> [Data provided]
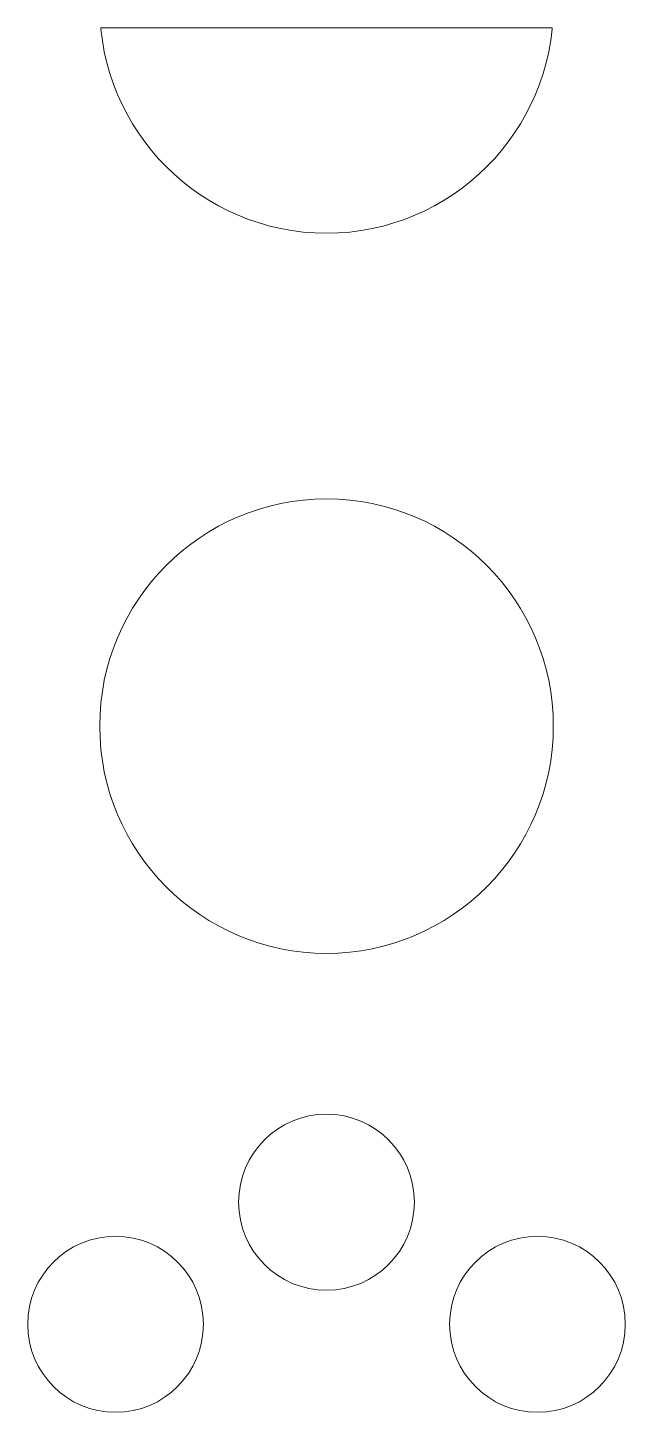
# Model space of a CAD drawing. Header units: millimetres. Extents: x -1200 to 1200, y -590 to 590.
# Drawn here: x -385.3 to -261.6, y 303.7 to 590 of the extents above; entities that cross this region are included whole.
import ezdxf

# ---------------------------------------------------------------- set-up
doc = ezdxf.new("R2010")
doc.units = ezdxf.units.MM
doc.header["$MEASUREMENT"] = 0
doc.layers.add('Layer 1', color=7, linetype='Continuous')

msp = doc.modelspace()

# ---------------------------------------------------------------- linework, layer by layer
at = {"layer": 'Layer 1', "color": 250, "lineweight": 20}
for points, knots in [([(-370.1405, 589.9734), (-370.1405, 589.9734), (-276.7591, 589.9734), (-276.7591, 589.9734), (-276.7591, 589.9734), (-276.783, 589.6617), (-276.783, 589.6617), (-276.783, 589.6617), (-277.0821, 587.3118), (-277.0821, 587.3118), (-277.0821, 587.3118), (-277.4945, 584.9982), (-277.4945, 584.9982), (-277.4945, 584.9982), (-278.0154, 582.7281), (-278.0154, 582.7281), (-278.0154, 582.7281), (-278.6497, 580.5015), (-278.6497, 580.5015), (-278.6497, 580.5015), (-279.3852, 578.3232), (-279.3852, 578.3232), (-279.3852, 578.3232), (-280.2245, 576.1907), (-280.2245, 576.1907), (-280.2245, 576.1907), (-281.1625, 574.1113), (-281.1625, 574.1113), (-281.1625, 574.1113), (-282.1997, 572.0875), (-282.1997, 572.0875), (-282.1997, 572.0875), (-283.3305, 570.1193), (-283.3305, 570.1193), (-283.3305, 570.1193), (-284.5483, 568.2139), (-284.5483, 568.2139), (-284.5483, 568.2139), (-285.8604, 566.3712), (-285.8604, 566.3712), (-285.8604, 566.3712), (-287.2517, 564.5961), (-287.2517, 564.5961), (-287.2517, 564.5961), (-288.7277, 562.8911), (-288.7277, 562.8911), (-288.7277, 562.8911), (-290.2832, 561.2561), (-290.2832, 561.2561), (-290.2832, 561.2561), (-291.9134, 559.6985), (-291.9134, 559.6985), (-291.9134, 559.6985), (-293.616, 558.2229), (-293.616, 558.2229), (-293.616, 558.2229), (-295.3911, 556.8271), (-295.3911, 556.8271), (-295.3911, 556.8271), (-297.2286, 555.5156), (-297.2286, 555.5156), (-297.2286, 555.5156), (-299.1315, 554.2936), (-299.1315, 554.2936), (-299.1315, 554.2936), (-301.0992, 553.1611), (-301.0992, 553.1611), (-301.0992, 553.1611), (-303.1203, 552.1226), (-303.1203, 552.1226), (-303.1203, 552.1226), (-305.1965, 551.1855), (-305.1965, 551.1855), (-305.1965, 551.1855), (-307.3237, 550.3426), (-307.3237, 550.3426), (-307.3237, 550.3426), (-309.5012, 549.606), (-309.5012, 549.606), (-309.5012, 549.606), (-311.7224, 548.9757), (-311.7224, 548.9757), (-311.7224, 548.9757), (-313.9918, 548.4493), (-313.9918, 548.4493), (-313.9918, 548.4493), (-316.2997, 548.0364), (-316.2997, 548.0364), (-316.2997, 548.0364), (-318.6462, 547.737), (-318.6462, 547.737), (-318.6462, 547.737), (-321.0311, 547.5581), (-321.0311, 547.5581), (-321.0311, 547.5581), (-323.4525, 547.4977), (-323.4525, 547.4977), (-323.4525, 547.4977), (-325.8713, 547.5581), (-325.8713, 547.5581), (-325.8713, 547.5581), (-328.2565, 547.737), (-328.2565, 547.737), (-328.2565, 547.737), (-330.6029, 548.0364), (-330.6029, 548.0364), (-330.6029, 548.0364), (-332.9108, 548.4493), (-332.9108, 548.4493), (-332.9108, 548.4493), (-335.1778, 548.9757), (-335.1778, 548.9757), (-335.1778, 548.9757), (-337.4012, 549.606), (-337.4012, 549.606), (-337.4012, 549.606), (-339.5789, 550.3426), (-339.5789, 550.3426), (-339.5789, 550.3426), (-341.7036, 551.1855), (-341.7036, 551.1855), (-341.7036, 551.1855), (-343.7823, 552.1226), (-343.7823, 552.1226), (-343.7823, 552.1226), (-345.8032, 553.1611), (-345.8032, 553.1611), (-345.8032, 553.1611), (-347.7664, 554.2936), (-347.7664, 554.2936), (-347.7664, 554.2936), (-349.6713, 555.5156), (-349.6713, 555.5156), (-349.6713, 555.5156), (-351.5115, 556.8271), (-351.5115, 556.8271), (-351.5115, 556.8271), (-353.2864, 558.2229), (-353.2864, 558.2229), (-353.2864, 558.2229), (-354.9891, 559.6985), (-354.9891, 559.6985), (-354.9891, 559.6985), (-356.6193, 561.2561), (-356.6193, 561.2561), (-356.6193, 561.2561), (-358.1725, 562.8911), (-358.1725, 562.8911), (-358.1725, 562.8911), (-359.6507, 564.5961), (-359.6507, 564.5961), (-359.6507, 564.5961), (-361.0446, 566.3712), (-361.0446, 566.3712), (-361.0446, 566.3712), (-362.3492, 568.2139), (-362.3492, 568.2139), (-362.3492, 568.2139), (-363.572, 570.1193), (-363.572, 570.1193), (-363.572, 570.1193), (-364.7031, 572.0875), (-364.7031, 572.0875), (-364.7031, 572.0875), (-365.7351, 574.1113), (-365.7351, 574.1113), (-365.7351, 574.1113), (-366.6757, 576.1907), (-366.6757, 576.1907), (-366.6757, 576.1907), (-367.5124, 578.3232), (-367.5124, 578.3232), (-367.5124, 578.3232), (-368.253, 580.5015), (-368.253, 580.5015), (-368.253, 580.5015), (-368.8824, 582.7281), (-368.8824, 582.7281), (-368.8824, 582.7281), (-369.4081, 584.9982), (-369.4081, 584.9982), (-369.4081, 584.9982), (-369.818, 587.3118), (-369.818, 587.3118), (-369.818, 587.3118), (-370.1169, 589.6617), (-370.1169, 589.6617), (-370.1169, 589.6617), (-370.1405, 589.9734), (-370.1405, 589.9734)], [0, 0, 0, 0, 0.01587302, 0.01587302, 0.01587302, 0.03174603, 0.03174603, 0.03174603, 0.04761905, 0.04761905, 0.04761905, 0.06349206, 0.06349206, 0.06349206, 0.07936508, 0.07936508, 0.07936508, 0.0952381, 0.0952381, 0.0952381, 0.11111111, 0.11111111, 0.11111111, 0.12698413, 0.12698413, 0.12698413, 0.14285714, 0.14285714, 0.14285714, 0.15873016, 0.15873016, 0.15873016, 0.17460317, 0.17460317, 0.17460317, 0.19047619, 0.19047619, 0.19047619, 0.20634921, 0.20634921, 0.20634921, 0.22222222, 0.22222222, 0.22222222, 0.23809524, 0.23809524, 0.23809524, 0.25396825, 0.25396825, 0.25396825, 0.26984127, 0.26984127, 0.26984127, 0.28571429, 0.28571429, 0.28571429, 0.3015873, 0.3015873, 0.3015873, 0.31746032, 0.31746032, 0.31746032, 0.33333333, 0.33333333, 0.33333333, 0.34920635, 0.34920635, 0.34920635, 0.36507937, 0.36507937, 0.36507937, 0.38095238, 0.38095238, 0.38095238, 0.3968254, 0.3968254, 0.3968254, 0.41269841, 0.41269841, 0.41269841, 0.42857143, 0.42857143, 0.42857143, 0.44444444, 0.44444444, 0.44444444, 0.46031746, 0.46031746, 0.46031746, 0.47619048, 0.47619048, 0.47619048, 0.49206349, 0.49206349, 0.49206349, 0.50793651, 0.50793651, 0.50793651, 0.52380952, 0.52380952, 0.52380952, 0.53968254, 0.53968254, 0.53968254, 0.55555556, 0.55555556, 0.55555556, 0.57142857, 0.57142857, 0.57142857, 0.58730159, 0.58730159, 0.58730159, 0.6031746, 0.6031746, 0.6031746, 0.61904762, 0.61904762, 0.61904762, 0.63492063, 0.63492063, 0.63492063, 0.65079365, 0.65079365, 0.65079365, 0.66666667, 0.66666667, 0.66666667, 0.68253968, 0.68253968, 0.68253968, 0.6984127, 0.6984127, 0.6984127, 0.71428571, 0.71428571, 0.71428571, 0.73015873, 0.73015873, 0.73015873, 0.74603175, 0.74603175, 0.74603175, 0.76190476, 0.76190476, 0.76190476, 0.77777778, 0.77777778, 0.77777778, 0.79365079, 0.79365079, 0.79365079, 0.80952381, 0.80952381, 0.80952381, 0.82539683, 0.82539683, 0.82539683, 0.84126984, 0.84126984, 0.84126984, 0.85714286, 0.85714286, 0.85714286, 0.87301587, 0.87301587, 0.87301587, 0.88888889, 0.88888889, 0.88888889, 0.9047619, 0.9047619, 0.9047619, 0.92063492, 0.92063492, 0.92063492, 0.93650794, 0.93650794, 0.93650794, 0.95238095, 0.95238095, 0.95238095, 0.96825397, 0.96825397, 0.96825397, 0.98412698, 0.98412698, 0.98412698, 1, 1, 1, 1]), ([(-370.3583, 445.5935), (-370.3583, 445.5935), (-370.2979, 448.0158), (-370.2979, 448.0158), (-370.2979, 448.0158), (-370.1169, 450.4018), (-370.1169, 450.4018), (-370.1169, 450.4018), (-369.818, 452.7516), (-369.818, 452.7516), (-369.818, 452.7516), (-369.4081, 455.0652), (-369.4081, 455.0652), (-369.4081, 455.0652), (-368.8824, 457.3351), (-368.8824, 457.3351), (-368.8824, 457.3351), (-368.253, 459.5595), (-368.253, 459.5595), (-368.253, 459.5595), (-367.5124, 461.7427), (-367.5124, 461.7427), (-367.5124, 461.7427), (-366.6757, 463.8729), (-366.6757, 463.8729), (-366.6757, 463.8729), (-365.7351, 465.9497), (-365.7351, 465.9497), (-365.7351, 465.9497), (-364.7031, 467.9783), (-364.7031, 467.9783), (-364.7031, 467.9783), (-363.572, 469.9441), (-363.572, 469.9441), (-363.572, 469.9441), (-362.3492, 471.8495), (-362.3492, 471.8495), (-362.3492, 471.8495), (-361.0446, 473.6923), (-361.0446, 473.6923), (-361.0446, 473.6923), (-359.6507, 475.4698), (-359.6507, 475.4698), (-359.6507, 475.4698), (-358.1725, 477.1746), (-358.1725, 477.1746), (-358.1725, 477.1746), (-356.6193, 478.8097), (-356.6193, 478.8097), (-356.6193, 478.8097), (-354.9891, 480.3625), (-354.9891, 480.3625), (-354.9891, 480.3625), (-353.2864, 481.8406), (-353.2864, 481.8406), (-353.2864, 481.8406), (-351.5115, 483.2388), (-351.5115, 483.2388), (-351.5115, 483.2388), (-349.6713, 484.5477), (-349.6713, 484.5477), (-349.6713, 484.5477), (-347.7664, 485.7722), (-347.7664, 485.7722), (-347.7664, 485.7722), (-345.8032, 486.9023), (-345.8032, 486.9023), (-345.8032, 486.9023), (-343.7823, 487.9384), (-343.7823, 487.9384), (-343.7823, 487.9384), (-341.7036, 488.8803), (-341.7036, 488.8803), (-341.7036, 488.8803), (-339.5789, 489.7184), (-339.5789, 489.7184), (-339.5789, 489.7184), (-337.4012, 490.4573), (-337.4012, 490.4573), (-337.4012, 490.4573), (-335.1778, 491.0901), (-335.1778, 491.0901), (-335.1778, 491.0901), (-332.9108, 491.6117), (-332.9108, 491.6117), (-332.9108, 491.6117), (-330.6029, 492.0271), (-330.6029, 492.0271), (-330.6029, 492.0271), (-328.2565, 492.3241), (-328.2565, 492.3241), (-328.2565, 492.3241), (-325.8713, 492.5077), (-325.8713, 492.5077), (-325.8713, 492.5077), (-323.4525, 492.5681), (-323.4525, 492.5681), (-323.4525, 492.5681), (-321.0311, 492.5077), (-321.0311, 492.5077), (-321.0311, 492.5077), (-318.6462, 492.3241), (-318.6462, 492.3241), (-318.6462, 492.3241), (-316.2997, 492.0271), (-316.2997, 492.0271), (-316.2997, 492.0271), (-313.9918, 491.6117), (-313.9918, 491.6117), (-313.9918, 491.6117), (-311.7224, 491.0901), (-311.7224, 491.0901), (-311.7224, 491.0901), (-309.5012, 490.4573), (-309.5012, 490.4573), (-309.5012, 490.4573), (-307.3237, 489.7184), (-307.3237, 489.7184), (-307.3237, 489.7184), (-305.1965, 488.8803), (-305.1965, 488.8803), (-305.1965, 488.8803), (-303.1203, 487.9384), (-303.1203, 487.9384), (-303.1203, 487.9384), (-301.0992, 486.9023), (-301.0992, 486.9023), (-301.0992, 486.9023), (-299.1315, 485.7722), (-299.1315, 485.7722), (-299.1315, 485.7722), (-297.2286, 484.5477), (-297.2286, 484.5477), (-297.2286, 484.5477), (-295.3911, 483.2388), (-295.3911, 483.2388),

> [Problem description]
A bare number is required: the count of lines above with the string "ezdxf".

> [Answer section]
3